== What you are asked to do ==
Your answer must be every line below, repeated exactly.

== Dataset entries ==
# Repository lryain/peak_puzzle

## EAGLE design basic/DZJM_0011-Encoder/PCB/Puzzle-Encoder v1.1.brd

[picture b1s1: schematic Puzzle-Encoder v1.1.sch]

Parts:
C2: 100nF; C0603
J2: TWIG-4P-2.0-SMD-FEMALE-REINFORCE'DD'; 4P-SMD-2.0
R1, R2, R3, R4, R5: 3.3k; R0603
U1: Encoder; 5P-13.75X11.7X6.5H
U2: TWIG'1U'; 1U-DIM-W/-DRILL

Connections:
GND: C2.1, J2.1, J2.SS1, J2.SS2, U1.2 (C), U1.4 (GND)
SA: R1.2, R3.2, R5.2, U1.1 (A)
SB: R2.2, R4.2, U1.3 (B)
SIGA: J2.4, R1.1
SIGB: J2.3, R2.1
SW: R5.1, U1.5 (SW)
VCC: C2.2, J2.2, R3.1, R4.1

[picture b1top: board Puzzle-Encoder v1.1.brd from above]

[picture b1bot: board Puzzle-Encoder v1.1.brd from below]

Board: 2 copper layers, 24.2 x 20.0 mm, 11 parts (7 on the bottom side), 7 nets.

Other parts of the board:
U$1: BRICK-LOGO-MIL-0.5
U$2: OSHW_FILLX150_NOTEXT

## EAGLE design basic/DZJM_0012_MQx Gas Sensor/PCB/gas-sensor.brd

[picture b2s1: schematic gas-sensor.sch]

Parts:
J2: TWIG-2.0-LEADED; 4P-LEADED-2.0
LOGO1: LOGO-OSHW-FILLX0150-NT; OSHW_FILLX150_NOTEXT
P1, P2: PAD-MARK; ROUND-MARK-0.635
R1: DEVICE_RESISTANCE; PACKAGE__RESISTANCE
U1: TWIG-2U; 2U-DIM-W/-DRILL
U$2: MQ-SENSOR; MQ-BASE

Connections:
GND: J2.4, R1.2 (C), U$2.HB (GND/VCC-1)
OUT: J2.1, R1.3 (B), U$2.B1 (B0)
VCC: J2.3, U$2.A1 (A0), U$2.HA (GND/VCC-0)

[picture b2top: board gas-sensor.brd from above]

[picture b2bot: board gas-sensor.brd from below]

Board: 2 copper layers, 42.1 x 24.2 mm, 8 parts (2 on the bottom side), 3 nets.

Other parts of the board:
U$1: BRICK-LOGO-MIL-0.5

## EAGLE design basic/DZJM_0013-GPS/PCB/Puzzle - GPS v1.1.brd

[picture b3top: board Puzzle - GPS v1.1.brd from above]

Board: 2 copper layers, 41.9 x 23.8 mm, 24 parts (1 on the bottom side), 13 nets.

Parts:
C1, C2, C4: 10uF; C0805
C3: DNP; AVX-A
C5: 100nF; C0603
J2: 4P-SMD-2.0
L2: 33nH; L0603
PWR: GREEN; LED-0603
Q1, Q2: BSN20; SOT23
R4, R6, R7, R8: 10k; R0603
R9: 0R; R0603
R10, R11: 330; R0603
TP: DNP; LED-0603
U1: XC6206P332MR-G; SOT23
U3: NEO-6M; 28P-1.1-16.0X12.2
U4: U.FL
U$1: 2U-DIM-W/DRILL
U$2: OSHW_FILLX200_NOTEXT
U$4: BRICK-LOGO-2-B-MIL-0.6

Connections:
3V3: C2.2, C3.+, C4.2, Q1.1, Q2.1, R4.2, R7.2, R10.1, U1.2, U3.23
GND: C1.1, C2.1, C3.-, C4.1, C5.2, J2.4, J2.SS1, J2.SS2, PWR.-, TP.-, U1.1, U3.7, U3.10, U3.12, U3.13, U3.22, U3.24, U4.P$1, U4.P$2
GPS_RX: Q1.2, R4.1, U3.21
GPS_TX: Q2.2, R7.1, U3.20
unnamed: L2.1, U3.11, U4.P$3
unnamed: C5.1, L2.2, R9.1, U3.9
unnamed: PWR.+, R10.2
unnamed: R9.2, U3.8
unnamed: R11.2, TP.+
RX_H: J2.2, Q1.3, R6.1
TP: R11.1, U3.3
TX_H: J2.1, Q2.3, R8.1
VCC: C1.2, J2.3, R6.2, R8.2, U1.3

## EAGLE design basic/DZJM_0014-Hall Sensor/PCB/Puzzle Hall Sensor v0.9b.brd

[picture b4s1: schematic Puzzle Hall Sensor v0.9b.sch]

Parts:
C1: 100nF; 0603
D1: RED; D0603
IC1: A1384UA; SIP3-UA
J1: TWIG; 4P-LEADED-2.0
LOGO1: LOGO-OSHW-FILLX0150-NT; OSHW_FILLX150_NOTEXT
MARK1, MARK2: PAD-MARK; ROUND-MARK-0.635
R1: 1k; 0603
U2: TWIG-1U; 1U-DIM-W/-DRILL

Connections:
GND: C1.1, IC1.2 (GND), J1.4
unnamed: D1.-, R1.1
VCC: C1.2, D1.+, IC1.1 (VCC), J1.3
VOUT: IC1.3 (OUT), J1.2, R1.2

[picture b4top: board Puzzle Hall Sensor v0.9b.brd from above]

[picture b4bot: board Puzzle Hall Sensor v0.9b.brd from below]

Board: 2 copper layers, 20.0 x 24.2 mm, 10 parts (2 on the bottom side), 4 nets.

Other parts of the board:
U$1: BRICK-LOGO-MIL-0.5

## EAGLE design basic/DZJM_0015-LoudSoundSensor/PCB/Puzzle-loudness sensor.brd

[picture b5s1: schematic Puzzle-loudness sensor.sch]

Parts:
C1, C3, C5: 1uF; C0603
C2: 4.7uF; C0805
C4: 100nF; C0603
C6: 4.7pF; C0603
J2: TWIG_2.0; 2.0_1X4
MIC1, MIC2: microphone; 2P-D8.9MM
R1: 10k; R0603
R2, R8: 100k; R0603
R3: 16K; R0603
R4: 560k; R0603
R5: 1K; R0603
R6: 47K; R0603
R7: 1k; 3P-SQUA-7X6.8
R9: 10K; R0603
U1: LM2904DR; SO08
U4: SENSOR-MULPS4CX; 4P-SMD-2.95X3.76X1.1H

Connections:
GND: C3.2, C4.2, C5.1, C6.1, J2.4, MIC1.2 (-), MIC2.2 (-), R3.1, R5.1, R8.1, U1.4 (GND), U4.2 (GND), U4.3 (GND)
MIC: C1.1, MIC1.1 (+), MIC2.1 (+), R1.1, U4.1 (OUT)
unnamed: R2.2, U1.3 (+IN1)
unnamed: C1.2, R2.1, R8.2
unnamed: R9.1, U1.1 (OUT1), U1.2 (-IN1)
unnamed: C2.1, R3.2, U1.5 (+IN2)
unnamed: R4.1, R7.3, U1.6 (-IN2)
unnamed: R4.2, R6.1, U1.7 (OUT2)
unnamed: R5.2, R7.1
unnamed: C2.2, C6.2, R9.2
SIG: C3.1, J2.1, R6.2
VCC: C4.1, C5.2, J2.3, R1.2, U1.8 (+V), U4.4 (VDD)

== Solution to this exercise ==
# Repository lryain/peak_puzzle

## EAGLE design basic/DZJM_0011-Encoder/PCB/Puzzle-Encoder v1.1.brd

[picture b1s1: schematic Puzzle-Encoder v1.1.sch]

Parts:
C2: 100nF; C0603
J2: TWIG-4P-2.0-SMD-FEMALE-REINFORCE'DD'; 4P-SMD-2.0
R1, R2, R3, R4, R5: 3.3k; R0603
U1: Encoder; 5P-13.75X11.7X6.5H
U2: TWIG'1U'; 1U-DIM-W/-DRILL

Connections:
GND: C2.1, J2.1, J2.SS1, J2.SS2, U1.2 (C), U1.4 (GND)
SA: R1.2, R3.2, R5.2, U1.1 (A)
SB: R2.2, R4.2, U1.3 (B)
SIGA: J2.4, R1.1
SIGB: J2.3, R2.1
SW: R5.1, U1.5 (SW)
VCC: C2.2, J2.2, R3.1, R4.1

[picture b1top: board Puzzle-Encoder v1.1.brd from above]

[picture b1bot: board Puzzle-Encoder v1.1.brd from below]

Board: 2 copper layers, 24.2 x 20.0 mm, 11 parts (7 on the bottom side), 7 nets.

Other parts of the board:
U$1: BRICK-LOGO-MIL-0.5
U$2: OSHW_FILLX150_NOTEXT

## EAGLE design basic/DZJM_0012_MQx Gas Sensor/PCB/gas-sensor.brd

[picture b2s1: schematic gas-sensor.sch]

Parts:
J2: TWIG-2.0-LEADED; 4P-LEADED-2.0
LOGO1: LOGO-OSHW-FILLX0150-NT; OSHW_FILLX150_NOTEXT
P1, P2: PAD-MARK; ROUND-MARK-0.635
R1: DEVICE_RESISTANCE; PACKAGE__RESISTANCE
U1: TWIG-2U; 2U-DIM-W/-DRILL
U$2: MQ-SENSOR; MQ-BASE

Connections:
GND: J2.4, R1.2 (C), U$2.HB (GND/VCC-1)
OUT: J2.1, R1.3 (B), U$2.B1 (B0)
VCC: J2.3, U$2.A1 (A0), U$2.HA (GND/VCC-0)

[picture b2top: board gas-sensor.brd from above]

[picture b2bot: board gas-sensor.brd from below]

Board: 2 copper layers, 42.1 x 24.2 mm, 8 parts (2 on the bottom side), 3 nets.

Other parts of the board:
U$1: BRICK-LOGO-MIL-0.5

## EAGLE design basic/DZJM_0013-GPS/PCB/Puzzle - GPS v1.1.brd

[picture b3top: board Puzzle - GPS v1.1.brd from above]

Board: 2 copper layers, 41.9 x 23.8 mm, 24 parts (1 on the bottom side), 13 nets.

Parts:
C1, C2, C4: 10uF; C0805
C3: DNP; AVX-A
C5: 100nF; C0603
J2: 4P-SMD-2.0
L2: 33nH; L0603
PWR: GREEN; LED-0603
Q1, Q2: BSN20; SOT23
R4, R6, R7, R8: 10k; R0603
R9: 0R; R0603
R10, R11: 330; R0603
TP: DNP; LED-0603
U1: XC6206P332MR-G; SOT23
U3: NEO-6M; 28P-1.1-16.0X12.2
U4: U.FL
U$1: 2U-DIM-W/DRILL
U$2: OSHW_FILLX200_NOTEXT
U$4: BRICK-LOGO-2-B-MIL-0.6

Connections:
3V3: C2.2, C3.+, C4.2, Q1.1, Q2.1, R4.2, R7.2, R10.1, U1.2, U3.23
GND: C1.1, C2.1, C3.-, C4.1, C5.2, J2.4, J2.SS1, J2.SS2, PWR.-, TP.-, U1.1, U3.7, U3.10, U3.12, U3.13, U3.22, U3.24, U4.P$1, U4.P$2
GPS_RX: Q1.2, R4.1, U3.21
GPS_TX: Q2.2, R7.1, U3.20
unnamed: L2.1, U3.11, U4.P$3
unnamed: C5.1, L2.2, R9.1, U3.9
unnamed: PWR.+, R10.2
unnamed: R9.2, U3.8
unnamed: R11.2, TP.+
RX_H: J2.2, Q1.3, R6.1
TP: R11.1, U3.3
TX_H: J2.1, Q2.3, R8.1
VCC: C1.2, J2.3, R6.2, R8.2, U1.3

## EAGLE design basic/DZJM_0014-Hall Sensor/PCB/Puzzle Hall Sensor v0.9b.brd

[picture b4s1: schematic Puzzle Hall Sensor v0.9b.sch]

Parts:
C1: 100nF; 0603
D1: RED; D0603
IC1: A1384UA; SIP3-UA
J1: TWIG; 4P-LEADED-2.0
LOGO1: LOGO-OSHW-FILLX0150-NT; OSHW_FILLX150_NOTEXT
MARK1, MARK2: PAD-MARK; ROUND-MARK-0.635
R1: 1k; 0603
U2: TWIG-1U; 1U-DIM-W/-DRILL

Connections:
GND: C1.1, IC1.2 (GND), J1.4
unnamed: D1.-, R1.1
VCC: C1.2, D1.+, IC1.1 (VCC), J1.3
VOUT: IC1.3 (OUT), J1.2, R1.2

[picture b4top: board Puzzle Hall Sensor v0.9b.brd from above]

[picture b4bot: board Puzzle Hall Sensor v0.9b.brd from below]

Board: 2 copper layers, 20.0 x 24.2 mm, 10 parts (2 on the bottom side), 4 nets.

Other parts of the board:
U$1: BRICK-LOGO-MIL-0.5

## EAGLE design basic/DZJM_0015-LoudSoundSensor/PCB/Puzzle-loudness sensor.brd

[picture b5s1: schematic Puzzle-loudness sensor.sch]

Parts:
C1, C3, C5: 1uF; C0603
C2: 4.7uF; C0805
C4: 100nF; C0603
C6: 4.7pF; C0603
J2: TWIG_2.0; 2.0_1X4
MIC1, MIC2: microphone; 2P-D8.9MM
R1: 10k; R0603
R2, R8: 100k; R0603
R3: 16K; R0603
R4: 560k; R0603
R5: 1K; R0603
R6: 47K; R0603
R7: 1k; 3P-SQUA-7X6.8
R9: 10K; R0603
U1: LM2904DR; SO08
U4: SENSOR-MULPS4CX; 4P-SMD-2.95X3.76X1.1H

Connections:
GND: C3.2, C4.2, C5.1, C6.1, J2.4, MIC1.2 (-), MIC2.2 (-), R3.1, R5.1, R8.1, U1.4 (GND), U4.2 (GND), U4.3 (GND)
MIC: C1.1, MIC1.1 (+), MIC2.1 (+), R1.1, U4.1 (OUT)
unnamed: R2.2, U1.3 (+IN1)
unnamed: C1.2, R2.1, R8.2
unnamed: R9.1, U1.1 (OUT1), U1.2 (-IN1)
unnamed: C2.1, R3.2, U1.5 (+IN2)
unnamed: R4.1, R7.3, U1.6 (-IN2)
unnamed: R4.2, R6.1, U1.7 (OUT2)
unnamed: R5.2, R7.1
unnamed: C2.2, C6.2, R9.2
SIG: C3.1, J2.1, R6.2
VCC: C4.1, C5.2, J2.3, R1.2, U1.8 (+V), U4.4 (VDD)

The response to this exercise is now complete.